Il 17 marzo 1981, dopo accurate e pericolose indagini con i colleghi Viola e Turone fece perquisire villa Vanda, sequestrando la lista, incompleta probabilmente, degli affiliati alla loggia coperta Propaganda 2, che stava tessendo una schifosa ragnatela sull'intera nazione infiltrando propri uomini nei gangli vitali della politica, dell'economia, delle forze militari, della finanza.

Sempre col collega Turone indagò sull'omicidio Ambrosoli fino a fare arrestare i suoi assassini, successivamente condannati all'ergastolo.

Nel 1992 fu il primo Pm assegnato all'inchiesta Mani Pulite avviata dal sostituto Antonio Di Pietro, cui poi si unì Piercamillo Davigo dando così vita al pool "Mani pulite", la prima imponente operazione di pulizia di un Paese corrotto.

Sono solo tre delle numerose e complesse inchieste condotte dal dottor Gherardo Colombo durante i suoi 33 anni trascorsi nella magistratura, fino al 2007 quando decise di dimettersi "...per risalire fino all'ingorgo principale...".

Ebbene, un personaggio che ha dato un contributo così elevato alla giustizia e alla convivenza civile è arrivato giovedì col treno alla stazione di Cernusco e da lì trasportato con l'utilitaria del preside alla scuola media dove gli alunni di seconda lo aspettavano per ascoltare una lezione di legalità; il rispetto delle regole, anche le più piccole, come la puntualità dei mezzi pubblici, caposaldo del vivere civile.

Prima di lui, con le proprie automobili erano giunti per altre serate e altri incontri numerosi magistrati tuttora impegnati in prima linea nella lotta alla mafia, al terrorismo, alla malavita: Walter Mapelli, oggi procuratore capo a Bergamo, Paolo Storari della DDA di Milano (inchiesta insubria), Salvatore Bellomo (inchieste "Briantenopea", "Clean City", "Infinito" tutte concentrate sulle infiltrazioni della Ndrangheta al Nord), Alberto Nobili (procuratore aggiunto a Milano).
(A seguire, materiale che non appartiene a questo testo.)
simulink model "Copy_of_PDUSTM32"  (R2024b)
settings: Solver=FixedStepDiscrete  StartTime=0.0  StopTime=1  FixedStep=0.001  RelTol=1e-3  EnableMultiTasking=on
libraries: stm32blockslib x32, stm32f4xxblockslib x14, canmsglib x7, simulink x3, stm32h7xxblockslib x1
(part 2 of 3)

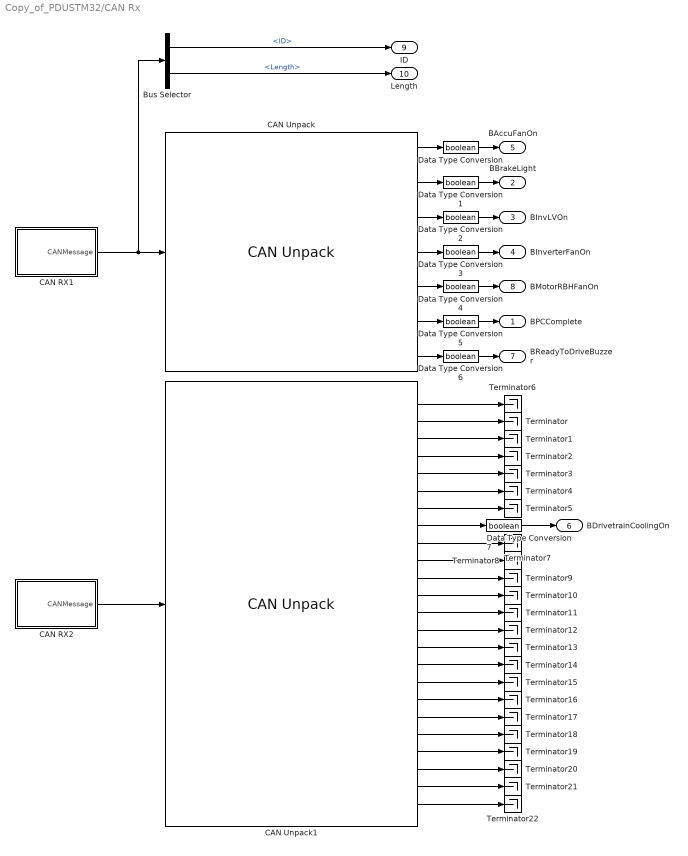
== system Copy_of_PDUSTM32/CAN Rx ==
  Bus Selector : BusSelector  OutputSignals=ID,Length
  CAN RX1 : Subsystem  mask{SPIModuleSelect=SPI1, Port_Select=GPIOB, Pin=14, PortName=GPIOB, PinNumber=2}
      mask prompts: SPIModuleSelect "SPI Module"; Port_Select "CS Port"; Pin "CS Pin"; PortName "INT Port"; PinNumber "INT Pin"
      mask TypeOptions SPIModuleSelect:
      | Enabled
      | Subsystem/SPI Controller Transfer7/SPIModuleSelect
      mask TypeOptions Port_Select:
      | Enabled
      | Subsystem/SPI Controller Transfer7/Port_Select
      mask TypeOptions Pin:
      | Enabled
      | Subsystem/SPI Controller Transfer7/Pin
      mask TypeOptions PortName: Digital Port Read5/PortName
      mask TypeOptions PinNumber: Digital Port Read5/PinNumber
      mask DialogControl DescTextVar Prompt: Read RX buffer when the INT pin is pulled low. Outputs a CANMessage type to be fed into a CAN unpack
      mask Display:
      | %port_label('output', 1, 'CANMessage');
      | 
      | text(0.05, 0.5, '' + string(get_param(gcb,'SPIModuleSelect')), HorizontalAlignment = 'left');
      | text(0.05, 0.85, 'CS ' + string(get_param(gcb,'Port_Select')) + ' Pin ' + string(get_param(gcb,'Pin')), HorizontalAlignment = 'left');
      | 
      | 
      | text(0.05, 0.15, 'INT ' + string(get_param(gcb,'PortName')) + ' Pin ' + string(get_param(gcb,'PinNumber')), HorizontalAlignment = 'left');
      | %text(0.05, 0.15, 'INT Pin ' + string(get_param(gcb,'PinNumber')), HorizontalAlignment = 'left');
      | 
      | 
      | % OBR logo
      | pos = get_param(gcb, 'Position');
      | blockAspect = (pos(3)-pos(1)) / (pos(4)-pos(2));
      | 
      | % fit(img, m, cx, cy): m = fraction of block the image occupies,
      | % (cx,cy) = center point in normalized 0-1 coords
      | fit = @(img,m,cx,cy) [ ...
      |     cx - m*min(1,(size(img,2)/size(img,1))/blockAspect)/2, ...
      |     cy - m*min(1,blockAspect/(size(img,2)/size(img,1)))/2, ...
      |     m*min(1,(size(img,2)/size(img,1))/blockAspect), ...
      |     m*min(1,blockAspect/(size(img,2)/size(img,1))) ];
      | 
      | ud = get_param(gcb, 'UserData');
      | 
      | image(ud.mcplogo, fit(ud.mcplogo, 0.3, 0.85, 0.5));
      | image(ud.obrlogo, fit(ud.obrlogo, 0.5, 0.5, 0.5));
  CAN RX2 : Subsystem  mask{SPIModuleSelect=SPI1, Port_Select=GPIOB, Pin=14, PortName=GPIOB, PinNumber=2}
      mask prompts: SPIModuleSelect "SPI Module"; Port_Select "CS Port"; Pin "CS Pin"; PortName "INT Port"; PinNumber "INT Pin"
      mask TypeOptions SPIModuleSelect:
      | Enabled
      | Subsystem/SPI Controller Transfer7/SPIModuleSelect
      mask TypeOptions Port_Select:
      | Enabled
      | Subsystem/SPI Controller Transfer7/Port_Select
      mask TypeOptions Pin:
      | Enabled
      | Subsystem/SPI Controller Transfer7/Pin
      mask TypeOptions PortName: Digital Port Read5/PortName
      mask TypeOptions PinNumber: Digital Port Read5/PinNumber
      mask DialogControl DescTextVar Prompt: Read RX buffer when the INT pin is pulled low. Outputs a CANMessage type to be fed into a CAN unpack
      mask Display:
      | %port_label('output', 1, 'CANMessage');
      | 
      | text(0.05, 0.5, '' + string(get_param(gcb,'SPIModuleSelect')), HorizontalAlignment = 'left');
      | text(0.05, 0.85, 'CS ' + string(get_param(gcb,'Port_Select')) + ' Pin ' + string(get_param(gcb,'Pin')), HorizontalAlignment = 'left');
      | 
      | 
      | text(0.05, 0.15, 'INT ' + string(get_param(gcb,'PortName')) + ' Pin ' + string(get_param(gcb,'PinNumber')), HorizontalAlignment = 'left');
      | %text(0.05, 0.15, 'INT Pin ' + string(get_param(gcb,'PinNumber')), HorizontalAlignment = 'left');
      | 
      | 
      | % OBR logo
      | pos = get_param(gcb, 'Position');
      | blockAspect = (pos(3)-pos(1)) / (pos(4)-pos(2));
      | 
      | % fit(img, m, cx, cy): m = fraction of block the image occupies,
      | % (cx,cy) = center point in normalized 0-1 coords
      | fit = @(img,m,cx,cy) [ ...
      |     cx - m*min(1,(size(img,2)/size(img,1))/blockAspect)/2, ...
      |     cy - m*min(1,blockAspect/(size(img,2)/size(img,1)))/2, ...
      |     m*min(1,(size(img,2)/size(img,1))/blockAspect), ...
      |     m*min(1,blockAspect/(size(img,2)/size(img,1))) ];
      | 
      | ud = get_param(gcb, 'UserData');
      | 
      | image(ud.mcplogo, fit(ud.mcplogo, 0.3, 0.85, 0.5));
      | image(ud.obrlogo, fit(ud.obrlogo, 0.5, 0.5, 0.5));
  CAN Unpack : canmsglib/CAN Unpack  CANdbFile=C:\Users\oxbro\Documents\STM32CustomProjects\PDUSTM32\CAN3_28.06.26.dbc  MsgList=VCU_PDMReq  MsgName=VCU_PDMReq  MsgIDType=Standard (11-bit identifier)  MsgIdentifier=1539  MsgLength=7  SignalInfo={'BAccuFanOn','24','1','LE','unsigned','Standard','0','1','0','0','1';'BBrakeLight','0','1','LE','unsigned','Standard','0','1','0','0','1';'BInvLVOn','32','1','LE','unsigned','Standard','0','1','0','0','1';'BInverterFanOn','8','1','LE','unsigned','Standard','0','1','0','0','1';'BMotorRBHFanOn','16','1','LE','unsigned','Standard','0','1','0','0','1';'BPCComplete','40','1','LE','unsigned','Standard','0','1','0','0','1';'BReadyToDriveBuzzer','48','1','LE','unsigned','Standard','0','1','0','0','1'}  IDPort=off  TimestampPort=off  ErrorPort=off  RemotePort=off  LengthPort=off  StatusPort=off  ApplyMinMax=off
      settings: LibrarySourceBlock=stmutilitieslib/CAN Unpack  DataFormat=CANdb specified signals
  CAN Unpack1 : canmsglib/CAN Unpack  CANdbFile=C:\Users\will\Desktop\STM32Projects\PDUSTM32\CAN3_28.06.26.dbc  MsgList=VCU_1s_Frame4  MsgName=VCU_1s_Frame4  MsgIDType=Standard (11-bit identifier)  MsgIdentifier=419  MsgLength=6  SignalInfo={'BBMSP0A0COut','32','1','LE','unsigned','Standard','0','1','0','0','1';'BBMSP0A0EOut','33','1','LE','unsigned','Standard','0','1','0','0','1';'BBMSP0A10Out','34','1','LE','unsigned','Standard','0','1','0','0','1';'BBMSP0A80Out','35','1','LE','unsigned','Standard','0','1','0','0','1';'BBMSP0AC0Out','36','1','LE','unsigned','Standard','0','1','0','0','1';'BBMSP0AFAOut','37','1','LE','unsigned','Standard','0','1','0','0','1';'BBalancingOnOut','31','1','LE','unsigned','Standard','0','1','0','0','1';'BDrivetrainCoolingOn','1','1','LE','unsigned','Standard','0','1','0','0','1';'BDrivetrainCoolingOnEM','5','1','LE','unsigned','Standard','0','1','0','0','1';'BDrivetrainCoolingOnOW','6','2','LE','unsigned','Standard','0','1','-1','-1','2';'BEMSOn','13','1','LE','unsigned','Standard','0','1','0','0','1';'BEMSOnEM','14','1','LE','unsigned','Standard','0','1','0','0','1';'BEMSOnOW','15','2','LE','unsigned','Standard','0','1','-1','-1','2';'BSpinningModeOn','17','1','LE','unsigned','Standard','0','1','0','0','1';'BSpinningModeOnEM','18','1','LE','unsigned','Standard','0','1','0','0','1';'BSpinningModeOnOW','19','2','LE','unsigned','Standard','0','1','-1','-1','2';'BTCOn','9','1','LE','unsigned','Standard','0','1','0','0','1';'BTCOnEM','10','1','LE','unsigned','Standard','0','1','0','0','1';'BTCOnOW','11','2','LE','unsigned','Standard','0','1','-1','-1','2';'BTVOnEM','0','1','LE','unsigned','Standard','0','1','0','0','1';'BTVOnOW','2','2','LE','unsigned','Standard','0','1','-1','-1','2';'NEventMode','44','4','LE','unsigned','Standard','0','1','0','0','15';'NLap','38','6','LE','unsigned','Standard','0','1','0','0','63';'rSoE','21','10','LE','unsigned','Standard','0','0.1','0','0','102.3'}  IDPort=off  TimestampPort=off  ErrorPort=off  RemotePort=off  LengthPort=off  StatusPort=off  ApplyMinMax=off
      settings: LibrarySourceBlock=stmutilitieslib/CAN Unpack  DataFormat=CANdb specified signals
  Data Type Conversion{,1..7} (8 alike) : DataTypeConversion  OutDataTypeStr=boolean  SaturateOnIntegerOverflow=off  RndMeth=Floor
  Terminator{,1..22} (23 alike) : Terminator
  BPCComplete : Outport  OutDataTypeStr=boolean
  BBrakeLight : Outport  Port=2  OutDataTypeStr=boolean
  BInvLVOn : Outport  Port=3  OutDataTypeStr=boolean
  BInverterFanOn : Outport  Port=4  OutDataTypeStr=boolean
  BAccuFanOn : Outport  Port=5  OutDataTypeStr=boolean
  BDrivetrainCoolingOn : Outport  Port=6  OutDataTypeStr=boolean
  BReadyToDriveBuzzer : Outport  Port=7  OutDataTypeStr=boolean
  BMotorRBHFanOn : Outport  Port=8  OutDataTypeStr=boolean
  ID : Outport  Port=9
  Length : Outport  Port=10
  wires:
  CAN RX1/1(CANMessage) -> Bus Selector/1, CAN Unpack/1
  CAN Unpack/1 -> Data Type Conversion/1
  CAN Unpack/2 -> Data Type Conversion1/1
  CAN Unpack1/2 -> Terminator/1
  CAN Unpack1/3 -> Terminator1/1
  CAN Unpack1/4 -> Terminator2/1
  CAN Unpack1/5 -> Terminator3/1
  CAN Unpack1/6 -> Terminator4/1
  CAN Unpack1/7 -> Terminator5/1
  CAN Unpack1/9 -> Terminator7/1
  CAN Unpack1/10 -> Terminator8/1
  CAN Unpack1/19 -> Terminator17/1
  CAN Unpack1/18 -> Terminator16/1
  CAN Unpack1/17 -> Terminator15/1
  CAN Unpack1/16 -> Terminator14/1
  CAN Unpack1/15 -> Terminator13/1
  CAN Unpack1/14 -> Terminator12/1
  CAN Unpack1/13 -> Terminator11/1
  CAN Unpack1/12 -> Terminator10/1
  CAN Unpack1/20 -> Terminator18/1
  CAN Unpack1/21 -> Terminator19/1
  CAN Unpack1/22 -> Terminator20/1
  CAN Unpack1/23 -> Terminator21/1
  CAN Unpack1/24 -> Terminator22/1
  CAN Unpack1/11 -> Terminator9/1
  CAN Unpack1/1 -> Terminator6/1
  Data Type Conversion/1 -> BAccuFanOn/1
  Data Type Conversion1/1 -> BBrakeLight/1
  Data Type Conversion2/1 -> BInvLVOn/1
  Data Type Conversion3/1 -> BInverterFanOn/1
  Data Type Conversion4/1 -> BMotorRBHFanOn/1
  Data Type Conversion6/1 -> BReadyToDriveBuzzer/1
  Data Type Conversion7/1 -> BDrivetrainCoolingOn/1
  Data Type Conversion5/1 -> BPCComplete/1
  CAN Unpack1/8 -> Data Type Conversion7/1
  CAN Unpack/7 -> Data Type Conversion6/1
  Bus Selector/1 -> ID/1  "<ID>"
  Bus Selector/2 -> Length/1  "<Length>"
  CAN RX2/1(CANMessage) -> CAN Unpack1/1
  CAN Unpack/3 -> Data Type Conversion2/1
  CAN Unpack/4 -> Data Type Conversion3/1
  CAN Unpack/5 -> Data Type Conversion4/1
  CAN Unpack/6 -> Data Type Conversion5/1

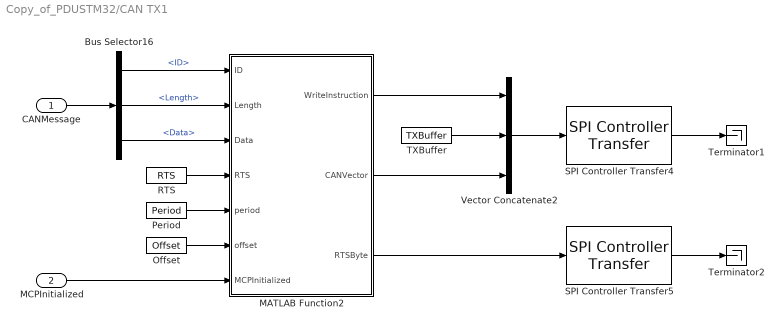
== system Copy_of_PDUSTM32/CAN TX1 ==
  CANMessage : Inport
  MCPInitialized : Inport  Port=2
  Bus Selector16 : BusSelector  OutputSignals=ID,Length,Data
  MATLAB Function2 : MATLAB Function  TreatAsAtomicUnit=on
  Offset : Constant  Value=Offset  OutDataTypeStr=uint16  SampleTime=-1
  Period : Constant  Value=Period  OutDataTypeStr=uint16  SampleTime=-1
  RTS : Constant  Value=RTS  OutDataTypeStr=uint8  SampleTime=-1
  SPI Controller Transfer4 : stm32blockslib/SPI Controller Transfer  Priority=1  SPIModuleSelect=SPI1  ClockPolarity=Low  ClockPhase=1 Edge  SPIModule=SPIModule  Mode=Master  BusSpeed=uint32(1000000)  FirstBitToTransfer=Most significant bit (MSB)  ClockMode=0  BlockFunction=Transfer  EnableRegisterAddress=off  RegisterAddress=0  OutputDataType=uint8  OutputDataLength=1  OutputStatus=off  BlockingMode=off  Timeout=0.01  DataBits=8  UseCustomSSPin=Explicit GPIO calls  ActiveLowSSPin=Active low  Port_Select=GPIOB  Pin=Pin
      settings: LibrarySourceBlock=stm32h7xxblockslib/SPI Controller Transfer
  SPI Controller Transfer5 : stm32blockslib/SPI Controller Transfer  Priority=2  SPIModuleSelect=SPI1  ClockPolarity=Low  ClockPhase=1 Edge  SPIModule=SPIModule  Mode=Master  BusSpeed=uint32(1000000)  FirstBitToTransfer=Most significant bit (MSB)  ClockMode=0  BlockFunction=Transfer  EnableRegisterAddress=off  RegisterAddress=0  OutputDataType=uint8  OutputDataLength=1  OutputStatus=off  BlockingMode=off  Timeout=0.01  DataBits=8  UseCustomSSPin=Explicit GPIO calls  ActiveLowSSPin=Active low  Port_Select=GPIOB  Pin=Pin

Poi una sera d'inizio autunno arriva a Merate Magdi "Cristiano" Allam, sconosciuto ai più, che si è fatto un nome prima attaccando furiosamente l'islam, ritenendo, come Oriana Fallaci che un islam moderato non esiste e poi facendosi battezzare da Papa Ratzinger, padrino Maurizio Lupi, previa preparazione con monsignor Fisichella. Un politico (?), un giornalista, un "pentito", non di Gesù ("che continuo ad amare come da bambino") ma della chiesa ("nella quale non mi riconosco più", dato che cerca il dialogo e non lo scontro con le altre religioni). Fine di una conversione. Fatti suoi che francamente non si capisce a chi possano interessare. Interessano invece, e molto, le ragioni per le quali Allam gode di una protezione tanto imponente. A Merate è giunto a bordo di una Lancia blindata con due uomini di scorta, seguita da un'altra auto civetta e da diverse radiomobili dei carabinieri. In piazza Italia stazionava persino una pattuglia di carabinieri del gruppo cinofili. Perché non è dato sapere se non per il pericolo generico di un attentato a causa delle posizioni fortemente critiche di Allam verso l'Islam. Ma rischia di più questo signore o i magistrati di cui sopra? E quanto è giustificata la mobilitazione di una sessantina di uomini tra carabinieri, poliziotti, finanzieri agenti di PL per "proteggere" Angelino Alfano giunto a Merate a promuovere il suo libro?

Ecco, finché questa situazione non sarà capovolta togliendo inutili privilegi (in un autogrill abbiamo assistito allibiti all'arrivo di Renato Farina, in arte "agente betulla" con tanto di scorta) a chi non ne ha bisogno e garantire la sicurezza a quanti davvero lavorano in un clima di estremo pericolo, in questa cavolo di Nazione ci sarà sempre qualcosa che non va.